> How to complete this task: Reproduce exactly the line with "2019-06-05 Added pwr_flag" and all the lines beneath it, stopping only at the end of the material.

=====

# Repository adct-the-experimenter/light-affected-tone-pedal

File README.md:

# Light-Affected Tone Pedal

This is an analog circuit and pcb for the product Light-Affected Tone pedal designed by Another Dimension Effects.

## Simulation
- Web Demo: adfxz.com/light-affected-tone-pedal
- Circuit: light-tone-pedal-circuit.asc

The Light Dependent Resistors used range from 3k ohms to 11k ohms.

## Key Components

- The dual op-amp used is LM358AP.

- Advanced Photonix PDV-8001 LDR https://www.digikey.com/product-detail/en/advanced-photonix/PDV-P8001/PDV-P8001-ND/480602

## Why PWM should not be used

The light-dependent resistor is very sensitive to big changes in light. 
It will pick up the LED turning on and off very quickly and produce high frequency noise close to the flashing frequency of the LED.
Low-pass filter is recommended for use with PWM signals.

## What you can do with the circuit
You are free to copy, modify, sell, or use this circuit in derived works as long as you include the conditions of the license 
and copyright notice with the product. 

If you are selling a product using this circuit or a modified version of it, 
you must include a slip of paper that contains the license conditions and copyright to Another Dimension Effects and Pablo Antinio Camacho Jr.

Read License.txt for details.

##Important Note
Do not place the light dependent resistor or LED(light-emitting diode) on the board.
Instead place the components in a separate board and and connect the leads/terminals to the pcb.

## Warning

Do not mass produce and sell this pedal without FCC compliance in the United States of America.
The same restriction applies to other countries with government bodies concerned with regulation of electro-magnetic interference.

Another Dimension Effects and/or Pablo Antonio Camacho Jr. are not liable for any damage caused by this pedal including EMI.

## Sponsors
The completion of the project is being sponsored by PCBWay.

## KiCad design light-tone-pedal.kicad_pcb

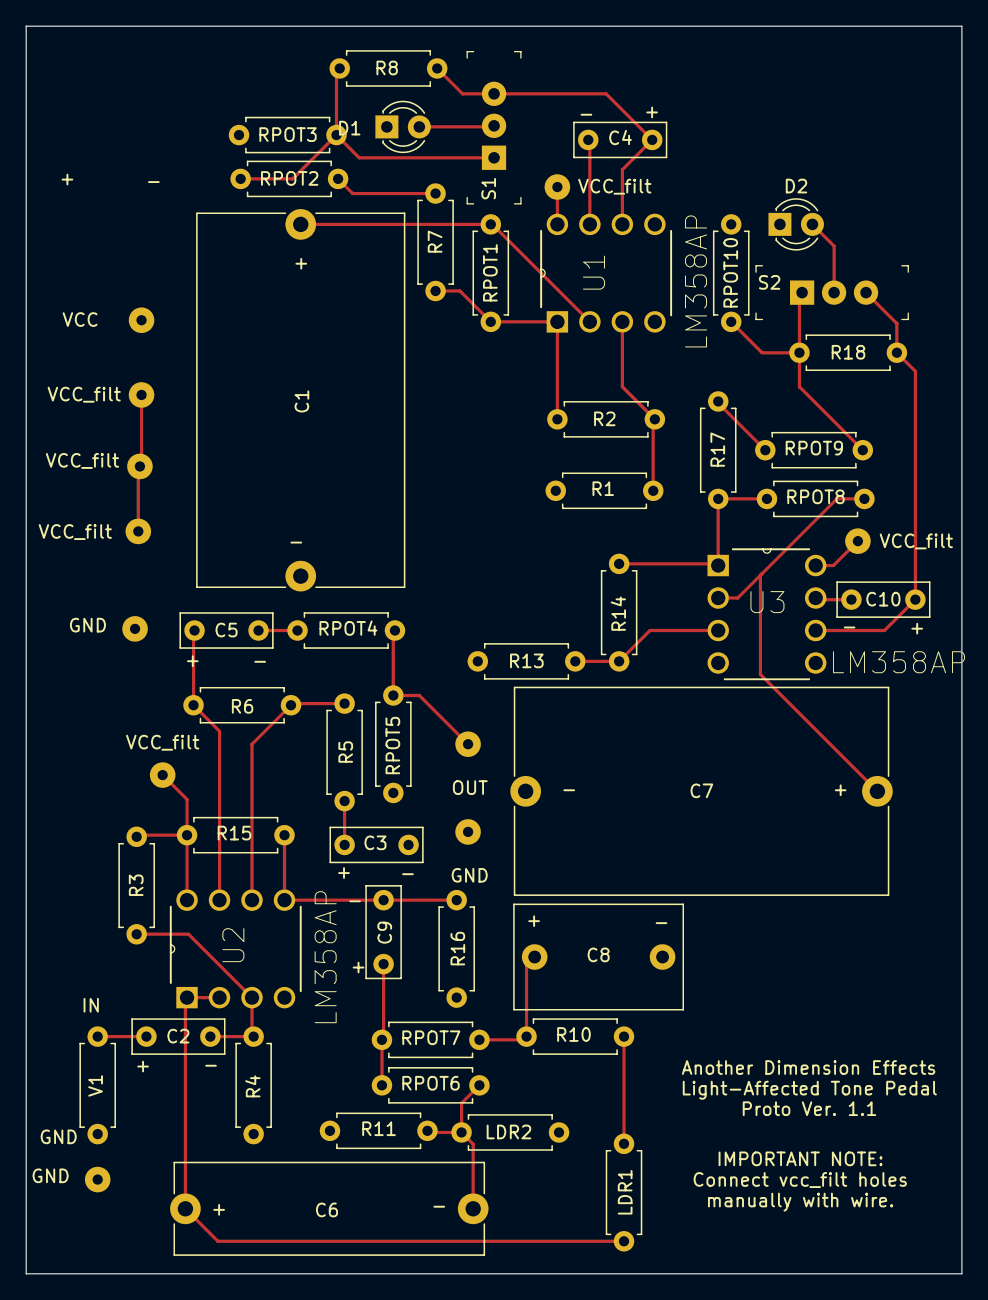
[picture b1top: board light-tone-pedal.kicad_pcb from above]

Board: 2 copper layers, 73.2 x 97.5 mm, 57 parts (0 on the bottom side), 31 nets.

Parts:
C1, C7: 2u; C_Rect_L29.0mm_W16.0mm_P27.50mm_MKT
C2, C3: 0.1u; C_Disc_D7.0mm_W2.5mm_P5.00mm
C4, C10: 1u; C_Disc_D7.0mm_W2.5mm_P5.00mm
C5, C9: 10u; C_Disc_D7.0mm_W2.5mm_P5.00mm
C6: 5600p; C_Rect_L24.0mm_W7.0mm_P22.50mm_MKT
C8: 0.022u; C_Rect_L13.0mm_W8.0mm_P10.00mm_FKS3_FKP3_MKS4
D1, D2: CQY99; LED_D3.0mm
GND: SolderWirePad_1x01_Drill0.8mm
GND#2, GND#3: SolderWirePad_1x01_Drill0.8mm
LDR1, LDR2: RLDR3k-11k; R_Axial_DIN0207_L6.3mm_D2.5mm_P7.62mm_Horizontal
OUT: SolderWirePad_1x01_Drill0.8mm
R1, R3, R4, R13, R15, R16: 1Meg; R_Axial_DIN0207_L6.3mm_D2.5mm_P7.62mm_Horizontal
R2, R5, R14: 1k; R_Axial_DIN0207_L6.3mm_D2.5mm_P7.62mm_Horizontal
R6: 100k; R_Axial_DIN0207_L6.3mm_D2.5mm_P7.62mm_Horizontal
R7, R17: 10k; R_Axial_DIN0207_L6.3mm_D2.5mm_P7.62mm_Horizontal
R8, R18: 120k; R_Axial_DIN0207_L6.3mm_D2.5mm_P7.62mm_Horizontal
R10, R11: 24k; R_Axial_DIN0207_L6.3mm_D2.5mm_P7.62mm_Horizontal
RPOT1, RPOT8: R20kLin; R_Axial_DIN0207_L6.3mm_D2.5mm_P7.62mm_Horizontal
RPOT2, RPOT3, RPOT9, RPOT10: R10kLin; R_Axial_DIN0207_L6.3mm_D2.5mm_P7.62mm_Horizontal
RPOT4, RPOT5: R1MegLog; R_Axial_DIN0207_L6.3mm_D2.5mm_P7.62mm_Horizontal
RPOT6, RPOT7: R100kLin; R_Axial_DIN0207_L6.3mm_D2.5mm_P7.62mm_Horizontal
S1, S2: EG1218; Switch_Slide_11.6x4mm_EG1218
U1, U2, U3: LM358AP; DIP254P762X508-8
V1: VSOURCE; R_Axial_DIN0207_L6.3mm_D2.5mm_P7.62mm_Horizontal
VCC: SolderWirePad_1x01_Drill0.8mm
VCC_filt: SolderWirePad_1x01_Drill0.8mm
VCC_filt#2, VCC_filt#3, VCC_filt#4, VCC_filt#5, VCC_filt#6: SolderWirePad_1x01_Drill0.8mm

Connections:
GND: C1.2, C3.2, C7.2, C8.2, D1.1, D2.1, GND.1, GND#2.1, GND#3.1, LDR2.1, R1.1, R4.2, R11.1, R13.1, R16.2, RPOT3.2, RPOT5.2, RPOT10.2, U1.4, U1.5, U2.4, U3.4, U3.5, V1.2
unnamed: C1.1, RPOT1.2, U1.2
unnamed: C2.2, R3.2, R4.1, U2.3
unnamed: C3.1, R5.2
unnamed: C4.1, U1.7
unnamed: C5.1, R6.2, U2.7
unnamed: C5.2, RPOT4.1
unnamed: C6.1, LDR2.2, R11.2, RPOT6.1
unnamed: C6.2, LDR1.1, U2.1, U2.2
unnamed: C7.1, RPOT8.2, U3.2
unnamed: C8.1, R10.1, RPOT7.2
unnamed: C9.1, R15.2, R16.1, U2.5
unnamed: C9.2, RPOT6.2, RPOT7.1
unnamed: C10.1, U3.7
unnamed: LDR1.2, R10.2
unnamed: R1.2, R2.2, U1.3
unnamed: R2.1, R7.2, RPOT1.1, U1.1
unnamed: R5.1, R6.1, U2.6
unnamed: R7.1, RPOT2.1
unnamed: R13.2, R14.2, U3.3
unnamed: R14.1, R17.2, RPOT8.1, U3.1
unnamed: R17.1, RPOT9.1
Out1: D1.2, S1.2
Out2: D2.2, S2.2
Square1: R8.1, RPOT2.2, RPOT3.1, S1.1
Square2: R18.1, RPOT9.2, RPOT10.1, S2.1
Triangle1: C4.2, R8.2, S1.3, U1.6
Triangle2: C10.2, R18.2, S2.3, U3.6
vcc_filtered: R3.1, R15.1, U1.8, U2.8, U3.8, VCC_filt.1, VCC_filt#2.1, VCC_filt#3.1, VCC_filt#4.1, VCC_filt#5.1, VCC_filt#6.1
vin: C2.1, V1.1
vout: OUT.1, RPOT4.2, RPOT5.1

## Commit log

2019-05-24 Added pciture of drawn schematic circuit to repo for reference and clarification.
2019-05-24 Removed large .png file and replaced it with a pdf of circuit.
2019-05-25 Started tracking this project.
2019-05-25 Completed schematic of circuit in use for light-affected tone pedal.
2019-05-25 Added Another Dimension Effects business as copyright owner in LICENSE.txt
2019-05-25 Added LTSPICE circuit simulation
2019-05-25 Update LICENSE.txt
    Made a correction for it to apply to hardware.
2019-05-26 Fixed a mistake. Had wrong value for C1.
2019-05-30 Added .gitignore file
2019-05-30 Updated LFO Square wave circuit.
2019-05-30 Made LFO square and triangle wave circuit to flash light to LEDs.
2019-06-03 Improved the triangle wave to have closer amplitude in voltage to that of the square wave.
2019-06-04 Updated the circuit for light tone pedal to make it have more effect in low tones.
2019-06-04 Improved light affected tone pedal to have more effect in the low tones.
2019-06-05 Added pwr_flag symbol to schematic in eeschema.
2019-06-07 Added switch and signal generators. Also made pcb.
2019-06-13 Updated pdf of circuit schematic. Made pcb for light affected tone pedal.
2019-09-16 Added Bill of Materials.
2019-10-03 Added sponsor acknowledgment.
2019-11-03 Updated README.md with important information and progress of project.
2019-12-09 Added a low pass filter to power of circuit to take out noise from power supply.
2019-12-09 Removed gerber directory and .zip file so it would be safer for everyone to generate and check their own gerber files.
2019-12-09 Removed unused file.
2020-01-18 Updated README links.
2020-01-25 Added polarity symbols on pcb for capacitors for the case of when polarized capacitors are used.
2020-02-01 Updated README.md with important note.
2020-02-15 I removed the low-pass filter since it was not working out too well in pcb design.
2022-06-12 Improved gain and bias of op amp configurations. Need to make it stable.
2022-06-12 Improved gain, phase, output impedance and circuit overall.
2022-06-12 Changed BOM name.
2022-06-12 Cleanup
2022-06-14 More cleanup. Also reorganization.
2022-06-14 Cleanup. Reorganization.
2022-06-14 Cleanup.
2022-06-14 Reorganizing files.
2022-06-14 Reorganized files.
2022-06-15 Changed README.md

=====

> Response to the exercise:
2019-06-05 Added pwr_flag symbol to schematic in eeschema.
2019-06-07 Added switch and signal generators. Also made pcb.
2019-06-13 Updated pdf of circuit schematic. Made pcb for light affected tone pedal.
2019-09-16 Added Bill of Materials.
2019-10-03 Added sponsor acknowledgment.
2019-11-03 Updated README.md with important information and progress of project.
2019-12-09 Added a low pass filter to power of circuit to take out noise from power supply.
2019-12-09 Removed gerber directory and .zip file so it would be safer for everyone to generate and check their own gerber files.
2019-12-09 Removed unused file.
2020-01-18 Updated README links.
2020-01-25 Added polarity symbols on pcb for capacitors for the case of when polarized capacitors are used.
2020-02-01 Updated README.md with important note.
2020-02-15 I removed the low-pass filter since it was not working out too well in pcb design.
2022-06-12 Improved gain and bias of op amp configurations. Need to make it stable.
2022-06-12 Improved gain, phase, output impedance and circuit overall.
2022-06-12 Changed BOM name.
2022-06-12 Cleanup
2022-06-14 More cleanup. Also reorganization.
2022-06-14 Cleanup. Reorganization.
2022-06-14 Cleanup.
2022-06-14 Reorganizing files.
2022-06-14 Reorganized files.
2022-06-15 Changed README.md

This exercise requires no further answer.